Start of Extracted data

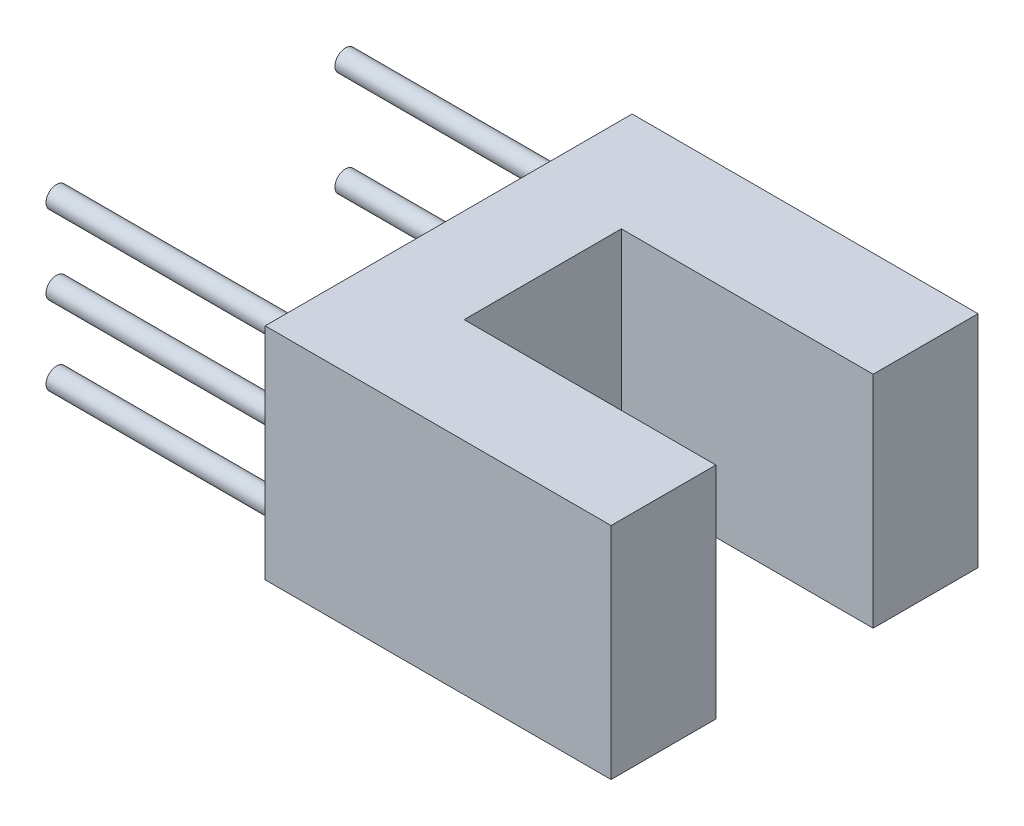
ISO-10303-21;
HEADER;
FILE_DESCRIPTION(('STEP AP214'),'2;1');
FILE_NAME('part.step','',(''),(''),'','','');
FILE_SCHEMA(('AUTOMOTIVE_DESIGN { 1 0 10303 214 1 1 1 1 }'));
ENDSEC;
DATA;
#1=APPLICATION_CONTEXT('core data for automotive mechanical design processes');
#2=APPLICATION_PROTOCOL_DEFINITION('international standard','automotive_design',2000,#1);
#3=PRODUCT_CONTEXT('',#1,'mechanical');
#4=PRODUCT('Part','Part','',(#3));
#5=PRODUCT_RELATED_PRODUCT_CATEGORY('part','',(#4));
#6=PRODUCT_DEFINITION_FORMATION('','',#4);
#7=PRODUCT_DEFINITION_CONTEXT('part definition',#1,'design');
#8=PRODUCT_DEFINITION('design','',#6,#7);
#9=PRODUCT_DEFINITION_SHAPE('','',#8);
#10=(LENGTH_UNIT() NAMED_UNIT(*) SI_UNIT(.MILLI.,.METRE.));
#11=(NAMED_UNIT(*) PLANE_ANGLE_UNIT() SI_UNIT($,.RADIAN.));
#12=(NAMED_UNIT(*) SI_UNIT($,.STERADIAN.) SOLID_ANGLE_UNIT());
#13=UNCERTAINTY_MEASURE_WITH_UNIT(LENGTH_MEASURE(1.E-05),#10,'distance_accuracy_value','');
#14=(GEOMETRIC_REPRESENTATION_CONTEXT(3) GLOBAL_UNCERTAINTY_ASSIGNED_CONTEXT((#13)) GLOBAL_UNIT_ASSIGNED_CONTEXT((#10,
#11,#12)) REPRESENTATION_CONTEXT('',''));
#15=CARTESIAN_POINT('',(0.,0.,0.));
#16=DIRECTION('',(0.,0.,1.));
#17=DIRECTION('',(1.,0.,0.));
#18=AXIS2_PLACEMENT_3D('',#15,#16,#17);
#19=CARTESIAN_POINT('',(8.38,0.,0.));
#20=DIRECTION('',(-1.,0.,0.));
#21=DIRECTION('',(0.,0.,1.));
#22=AXIS2_PLACEMENT_3D('',#19,#20,#21);
#23=PLANE('',#22);
#24=DIRECTION('',(0.,0.,-1.));
#25=VECTOR('',#24,1.);
#26=CARTESIAN_POINT('',(8.38,0.,0.));
#27=LINE('',#26,#25);
#28=CARTESIAN_POINT('',(8.38,0.,0.));
#29=VERTEX_POINT('',#28);
#30=CARTESIAN_POINT('',(8.38,0.,-2.54));
#31=VERTEX_POINT('',#30);
#32=EDGE_CURVE('E90',#29,#31,#27,.T.);
#33=ORIENTED_EDGE('',*,*,#32,.T.);
#34=DIRECTION('',(0.,-1.,0.));
#35=VECTOR('',#34,1.);
#36=CARTESIAN_POINT('',(8.38,5.33,-2.54));
#37=LINE('',#36,#35);
#38=CARTESIAN_POINT('',(8.38,5.33,-2.54));
#39=VERTEX_POINT('',#38);
#40=EDGE_CURVE('E116',#39,#31,#37,.T.);
#41=ORIENTED_EDGE('',*,*,#40,.F.);
#42=DIRECTION('',(0.,0.,1.));
#43=VECTOR('',#42,1.);
#44=CARTESIAN_POINT('',(8.38,5.33,0.));
#45=LINE('',#44,#43);
#46=CARTESIAN_POINT('',(8.38,5.33,0.));
#47=VERTEX_POINT('',#46);
#48=EDGE_CURVE('E61',#39,#47,#45,.T.);
#49=ORIENTED_EDGE('',*,*,#48,.T.);
#50=DIRECTION('',(0.,-1.,0.));
#51=VECTOR('',#50,1.);
#52=CARTESIAN_POINT('',(8.38,0.,0.));
#53=LINE('',#52,#51);
#54=EDGE_CURVE('E147',#47,#29,#53,.T.);
#55=ORIENTED_EDGE('',*,*,#54,.T.);
#56=EDGE_LOOP('',(#33,#41,#49,#55));
#57=FACE_BOUND('',#56,.T.);
#58=ADVANCED_FACE('F37',(#57),#23,.F.);
#59=CARTESIAN_POINT('',(8.38,0.,0.));
#60=DIRECTION('',(0.,0.,-1.));
#61=DIRECTION('',(-1.,0.,0.));
#62=AXIS2_PLACEMENT_3D('',#59,#60,#61);
#63=PLANE('',#62);
#64=DIRECTION('',(0.,-1.,0.));
#65=VECTOR('',#64,1.);
#66=CARTESIAN_POINT('',(0.,0.,0.));
#67=LINE('',#66,#65);
#68=CARTESIAN_POINT('',(0.,5.33,0.));
#69=VERTEX_POINT('',#68);
#70=CARTESIAN_POINT('',(0.,0.,0.));
#71=VERTEX_POINT('',#70);
#72=EDGE_CURVE('E142',#69,#71,#67,.T.);
#73=ORIENTED_EDGE('',*,*,#72,.T.);
#74=DIRECTION('',(-1.,0.,0.));
#75=VECTOR('',#74,1.);
#76=CARTESIAN_POINT('',(8.38,0.,0.));
#77=LINE('',#76,#75);
#78=EDGE_CURVE('E11',#29,#71,#77,.T.);
#79=ORIENTED_EDGE('',*,*,#78,.F.);
#80=ORIENTED_EDGE('',*,*,#54,.F.);
#81=DIRECTION('',(-1.,0.,0.));
#82=VECTOR('',#81,1.);
#83=CARTESIAN_POINT('',(8.38,5.33,0.));
#84=LINE('',#83,#82);
#85=EDGE_CURVE('E156',#47,#69,#84,.T.);
#86=ORIENTED_EDGE('',*,*,#85,.T.);
#87=EDGE_LOOP('',(#73,#79,#80,#86));
#88=FACE_BOUND('',#87,.T.);
#89=ADVANCED_FACE('F39',(#88),#63,.F.);
#90=CARTESIAN_POINT('',(8.38,0.,0.));
#91=DIRECTION('',(0.,1.,0.));
#92=DIRECTION('',(0.,0.,1.));
#93=AXIS2_PLACEMENT_3D('',#90,#91,#92);
#94=PLANE('',#93);
#95=DIRECTION('',(0.,0.,-1.));
#96=VECTOR('',#95,1.);
#97=CARTESIAN_POINT('',(2.28,0.,-2.54));
#98=LINE('',#97,#96);
#99=CARTESIAN_POINT('',(2.28,0.,-2.54));
#100=VERTEX_POINT('',#99);
#101=CARTESIAN_POINT('',(2.28,0.,-6.35));
#102=VERTEX_POINT('',#101);
#103=EDGE_CURVE('E124',#100,#102,#98,.T.);
#104=ORIENTED_EDGE('',*,*,#103,.F.);
#105=DIRECTION('',(1.,0.,0.));
#106=VECTOR('',#105,1.);
#107=CARTESIAN_POINT('',(2.28,0.,-2.54));
#108=LINE('',#107,#106);
#109=EDGE_CURVE('E111',#100,#31,#108,.T.);
#110=ORIENTED_EDGE('',*,*,#109,.T.);
#111=ORIENTED_EDGE('',*,*,#32,.F.);
#112=ORIENTED_EDGE('',*,*,#78,.T.);
#113=DIRECTION('',(0.,0.,-1.));
#114=VECTOR('',#113,1.);
#115=CARTESIAN_POINT('',(0.,0.,0.));
#116=LINE('',#115,#114);
#117=CARTESIAN_POINT('',(0.,0.,-8.89));
#118=VERTEX_POINT('',#117);
#119=EDGE_CURVE('E159',#71,#118,#116,.T.);
#120=ORIENTED_EDGE('',*,*,#119,.T.);
#121=DIRECTION('',(-1.,0.,0.));
#122=VECTOR('',#121,1.);
#123=CARTESIAN_POINT('',(8.38,0.,-8.89));
#124=LINE('',#123,#122);
#125=CARTESIAN_POINT('',(8.38,0.,-8.89));
#126=VERTEX_POINT('',#125);
#127=EDGE_CURVE('E45',#126,#118,#124,.T.);
#128=ORIENTED_EDGE('',*,*,#127,.F.);
#129=CARTESIAN_POINT('',(8.38,0.,-6.35));
#130=VERTEX_POINT('',#129);
#131=EDGE_CURVE('E149',#130,#126,#27,.T.);
#132=ORIENTED_EDGE('',*,*,#131,.F.);
#133=DIRECTION('',(1.,0.,0.));
#134=VECTOR('',#133,1.);
#135=CARTESIAN_POINT('',(2.28,0.,-6.35));
#136=LINE('',#135,#134);
#137=EDGE_CURVE('E52',#102,#130,#136,.T.);
#138=ORIENTED_EDGE('',*,*,#137,.F.);
#139=EDGE_LOOP('',(#104,#110,#111,#112,#120,#128,#132,#138));
#140=FACE_BOUND('',#139,.T.);
#141=ADVANCED_FACE('F129',(#140),#94,.F.);
#142=CARTESIAN_POINT('',(8.38,0.,-8.89));
#143=DIRECTION('',(0.,0.,1.));
#144=DIRECTION('',(1.,0.,0.));
#145=AXIS2_PLACEMENT_3D('',#142,#143,#144);
#146=PLANE('',#145);
#147=DIRECTION('',(0.,1.,0.));
#148=VECTOR('',#147,1.);
#149=CARTESIAN_POINT('',(0.,0.,-8.89));
#150=LINE('',#149,#148);
#151=CARTESIAN_POINT('',(0.,5.33,-8.89));
#152=VERTEX_POINT('',#151);
#153=EDGE_CURVE('E161',#118,#152,#150,.T.);
#154=ORIENTED_EDGE('',*,*,#153,.T.);
#155=DIRECTION('',(-1.,0.,0.));
#156=VECTOR('',#155,1.);
#157=CARTESIAN_POINT('',(8.38,5.33,-8.89));
#158=LINE('',#157,#156);
#159=CARTESIAN_POINT('',(8.38,5.33,-8.89));
#160=VERTEX_POINT('',#159);
#161=EDGE_CURVE('E165',#160,#152,#158,.T.);
#162=ORIENTED_EDGE('',*,*,#161,.F.);
#163=DIRECTION('',(0.,1.,0.));
#164=VECTOR('',#163,1.);
#165=CARTESIAN_POINT('',(8.38,0.,-8.89));
#166=LINE('',#165,#164);
#167=EDGE_CURVE('E151',#126,#160,#166,.T.);
#168=ORIENTED_EDGE('',*,*,#167,.F.);
#169=ORIENTED_EDGE('',*,*,#127,.T.);
#170=EDGE_LOOP('',(#154,#162,#168,#169));
#171=FACE_BOUND('',#170,.T.);
#172=ADVANCED_FACE('F171',(#171),#146,.F.);
#173=CARTESIAN_POINT('',(8.38,5.33,0.));
#174=DIRECTION('',(0.,-1.,0.));
#175=DIRECTION('',(0.,0.,-1.));
#176=AXIS2_PLACEMENT_3D('',#173,#174,#175);
#177=PLANE('',#176);
#178=ORIENTED_EDGE('',*,*,#48,.F.);
#179=DIRECTION('',(1.,0.,0.));
#180=VECTOR('',#179,1.);
#181=CARTESIAN_POINT('',(2.28,5.33,-2.54));
#182=LINE('',#181,#180);
#183=CARTESIAN_POINT('',(2.28,5.33,-2.54));
#184=VERTEX_POINT('',#183);
#185=EDGE_CURVE('E140',#184,#39,#182,.T.);
#186=ORIENTED_EDGE('',*,*,#185,.F.);
#187=DIRECTION('',(0.,0.,1.));
#188=VECTOR('',#187,1.);
#189=CARTESIAN_POINT('',(2.28,5.33,-2.54));
#190=LINE('',#189,#188);
#191=CARTESIAN_POINT('',(2.28,5.33,-6.35));
#192=VERTEX_POINT('',#191);
#193=EDGE_CURVE('E118',#192,#184,#190,.T.);
#194=ORIENTED_EDGE('',*,*,#193,.F.);
#195=DIRECTION('',(1.,0.,0.));
#196=VECTOR('',#195,1.);
#197=CARTESIAN_POINT('',(2.28,5.33,-6.35));
#198=LINE('',#197,#196);
#199=CARTESIAN_POINT('',(8.38,5.33,-6.35));
#200=VERTEX_POINT('',#199);
#201=EDGE_CURVE('E143',#192,#200,#198,.T.);
#202=ORIENTED_EDGE('',*,*,#201,.T.);
#203=EDGE_CURVE('E153',#160,#200,#45,.T.);
#204=ORIENTED_EDGE('',*,*,#203,.F.);
#205=ORIENTED_EDGE('',*,*,#161,.T.);
#206=DIRECTION('',(0.,0.,1.));
#207=VECTOR('',#206,1.);
#208=CARTESIAN_POINT('',(0.,5.33,0.));
#209=LINE('',#208,#207);
#210=EDGE_CURVE('E83',#152,#69,#209,.T.);
#211=ORIENTED_EDGE('',*,*,#210,.T.);
#212=ORIENTED_EDGE('',*,*,#85,.F.);
#213=EDGE_LOOP('',(#178,#186,#194,#202,#204,#205,#211,#212));
#214=FACE_BOUND('',#213,.T.);
#215=ADVANCED_FACE('F179',(#214),#177,.F.);
#216=ORIENTED_EDGE('',*,*,#203,.T.);
#217=DIRECTION('',(0.,1.,0.));
#218=VECTOR('',#217,1.);
#219=CARTESIAN_POINT('',(8.38,5.33,-6.35));
#220=LINE('',#219,#218);
#221=EDGE_CURVE('E127',#130,#200,#220,.T.);
#222=ORIENTED_EDGE('',*,*,#221,.F.);
#223=ORIENTED_EDGE('',*,*,#131,.T.);
#224=ORIENTED_EDGE('',*,*,#167,.T.);
#225=EDGE_LOOP('',(#216,#222,#223,#224));
#226=FACE_BOUND('',#225,.T.);
#227=ADVANCED_FACE('F182',(#226),#23,.F.);
#228=CARTESIAN_POINT('',(0.,0.,0.));
#229=DIRECTION('',(-1.,0.,0.));
#230=DIRECTION('',(0.,0.,1.));
#231=AXIS2_PLACEMENT_3D('',#228,#229,#230);
#232=PLANE('',#231);
#233=CARTESIAN_POINT('',(0.,0.76,-0.945));
#234=DIRECTION('',(-1.,0.,0.));
#235=DIRECTION('',(0.,0.,1.));
#236=AXIS2_PLACEMENT_3D('',#233,#234,#235);
#237=CIRCLE('',#236,0.255);
#238=CARTESIAN_POINT('',(0.,0.76,-0.69));
#239=VERTEX_POINT('',#238);
#240=EDGE_CURVE('E253',#239,#239,#237,.T.);
#241=ORIENTED_EDGE('',*,*,#240,.F.);
#242=EDGE_LOOP('',(#241));
#243=FACE_BOUND('',#242,.T.);
#244=CARTESIAN_POINT('',(0.,2.665,-0.945000000000001));
#245=DIRECTION('',(-1.,0.,0.));
#246=DIRECTION('',(0.,0.,1.));
#247=AXIS2_PLACEMENT_3D('',#244,#245,#246);
#248=CIRCLE('',#247,0.255);
#249=CARTESIAN_POINT('',(0.,2.665,-0.690000000000001));
#250=VERTEX_POINT('',#249);
#251=EDGE_CURVE('E257',#250,#250,#248,.T.);
#252=ORIENTED_EDGE('',*,*,#251,.F.);
#253=EDGE_LOOP('',(#252));
#254=FACE_BOUND('',#253,.T.);
#255=CARTESIAN_POINT('',(0.,4.57,-0.945));
#256=DIRECTION('',(-1.,0.,0.));
#257=DIRECTION('',(0.,0.,1.));
#258=AXIS2_PLACEMENT_3D('',#255,#256,#257);
#259=CIRCLE('',#258,0.255);
#260=CARTESIAN_POINT('',(0.,4.57,-0.69));
#261=VERTEX_POINT('',#260);
#262=EDGE_CURVE('E264',#261,#261,#259,.T.);
#263=ORIENTED_EDGE('',*,*,#262,.F.);
#264=EDGE_LOOP('',(#263));
#265=FACE_BOUND('',#264,.T.);
#266=CARTESIAN_POINT('',(0.,1.395,-7.945));
#267=DIRECTION('',(-1.,0.,0.));
#268=DIRECTION('',(0.,0.,1.));
#269=AXIS2_PLACEMENT_3D('',#266,#267,#268);
#270=CIRCLE('',#269,0.255);
#271=CARTESIAN_POINT('',(0.,1.395,-7.69));
#272=VERTEX_POINT('',#271);
#273=EDGE_CURVE('E270',#272,#272,#270,.T.);
#274=ORIENTED_EDGE('',*,*,#273,.F.);
#275=EDGE_LOOP('',(#274));
#276=FACE_BOUND('',#275,.T.);
#277=CARTESIAN_POINT('',(0.,3.935,-7.945));
#278=DIRECTION('',(-1.,0.,0.));
#279=DIRECTION('',(0.,0.,1.));
#280=AXIS2_PLACEMENT_3D('',#277,#278,#279);
#281=CIRCLE('',#280,0.255);
#282=CARTESIAN_POINT('',(0.,3.935,-7.69));
#283=VERTEX_POINT('',#282);
#284=EDGE_CURVE('E273',#283,#283,#281,.T.);
#285=ORIENTED_EDGE('',*,*,#284,.F.);
#286=EDGE_LOOP('',(#285));
#287=FACE_BOUND('',#286,.T.);
#288=ORIENTED_EDGE('',*,*,#72,.F.);
#289=ORIENTED_EDGE('',*,*,#210,.F.);
#290=ORIENTED_EDGE('',*,*,#153,.F.);
#291=ORIENTED_EDGE('',*,*,#119,.F.);
#292=EDGE_LOOP('',(#288,#289,#290,#291));
#293=FACE_BOUND('',#292,.T.);
#294=ADVANCED_FACE('F175',(#243,#254,#265,#276,#287,#293),#232,.T.);
#295=CARTESIAN_POINT('',(2.28,5.33,-2.54));
#296=DIRECTION('',(0.,0.,1.));
#297=DIRECTION('',(0.,-1.,0.));
#298=AXIS2_PLACEMENT_3D('',#295,#296,#297);
#299=PLANE('',#298);
#300=ORIENTED_EDGE('',*,*,#40,.T.);
#301=ORIENTED_EDGE('',*,*,#109,.F.);
#302=DIRECTION('',(0.,-1.,0.));
#303=VECTOR('',#302,1.);
#304=CARTESIAN_POINT('',(2.28,5.33,-2.54));
#305=LINE('',#304,#303);
#306=EDGE_CURVE('E114',#184,#100,#305,.T.);
#307=ORIENTED_EDGE('',*,*,#306,.F.);
#308=ORIENTED_EDGE('',*,*,#185,.T.);
#309=EDGE_LOOP('',(#300,#301,#307,#308));
#310=FACE_BOUND('',#309,.T.);
#311=ADVANCED_FACE('F113',(#310),#299,.F.);
#312=CARTESIAN_POINT('',(2.28,5.33,-6.35));
#313=DIRECTION('',(0.,0.,-1.));
#314=DIRECTION('',(0.,1.,0.));
#315=AXIS2_PLACEMENT_3D('',#312,#313,#314);
#316=PLANE('',#315);
#317=ORIENTED_EDGE('',*,*,#221,.T.);
#318=ORIENTED_EDGE('',*,*,#201,.F.);
#319=DIRECTION('',(0.,1.,0.));
#320=VECTOR('',#319,1.);
#321=CARTESIAN_POINT('',(2.28,5.33,-6.35));
#322=LINE('',#321,#320);
#323=EDGE_CURVE('E131',#102,#192,#322,.T.);
#324=ORIENTED_EDGE('',*,*,#323,.F.);
#325=ORIENTED_EDGE('',*,*,#137,.T.);
#326=EDGE_LOOP('',(#317,#318,#324,#325));
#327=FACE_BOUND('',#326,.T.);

End of Extracted data

Given the data above, transcribe exactly the lines from the one containing "#115=CARTESIAN_POINT('',(0.,0.,0.));" down to the one containing "#122=VECTOR('',#121,1.);", and no others.

# Exercise solution
#115=CARTESIAN_POINT('',(0.,0.,0.));
#116=LINE('',#115,#114);
#117=CARTESIAN_POINT('',(0.,0.,-8.89));
#118=VERTEX_POINT('',#117);
#119=EDGE_CURVE('E159',#71,#118,#116,.T.);
#120=ORIENTED_EDGE('',*,*,#119,.T.);
#121=DIRECTION('',(-1.,0.,0.));
#122=VECTOR('',#121,1.);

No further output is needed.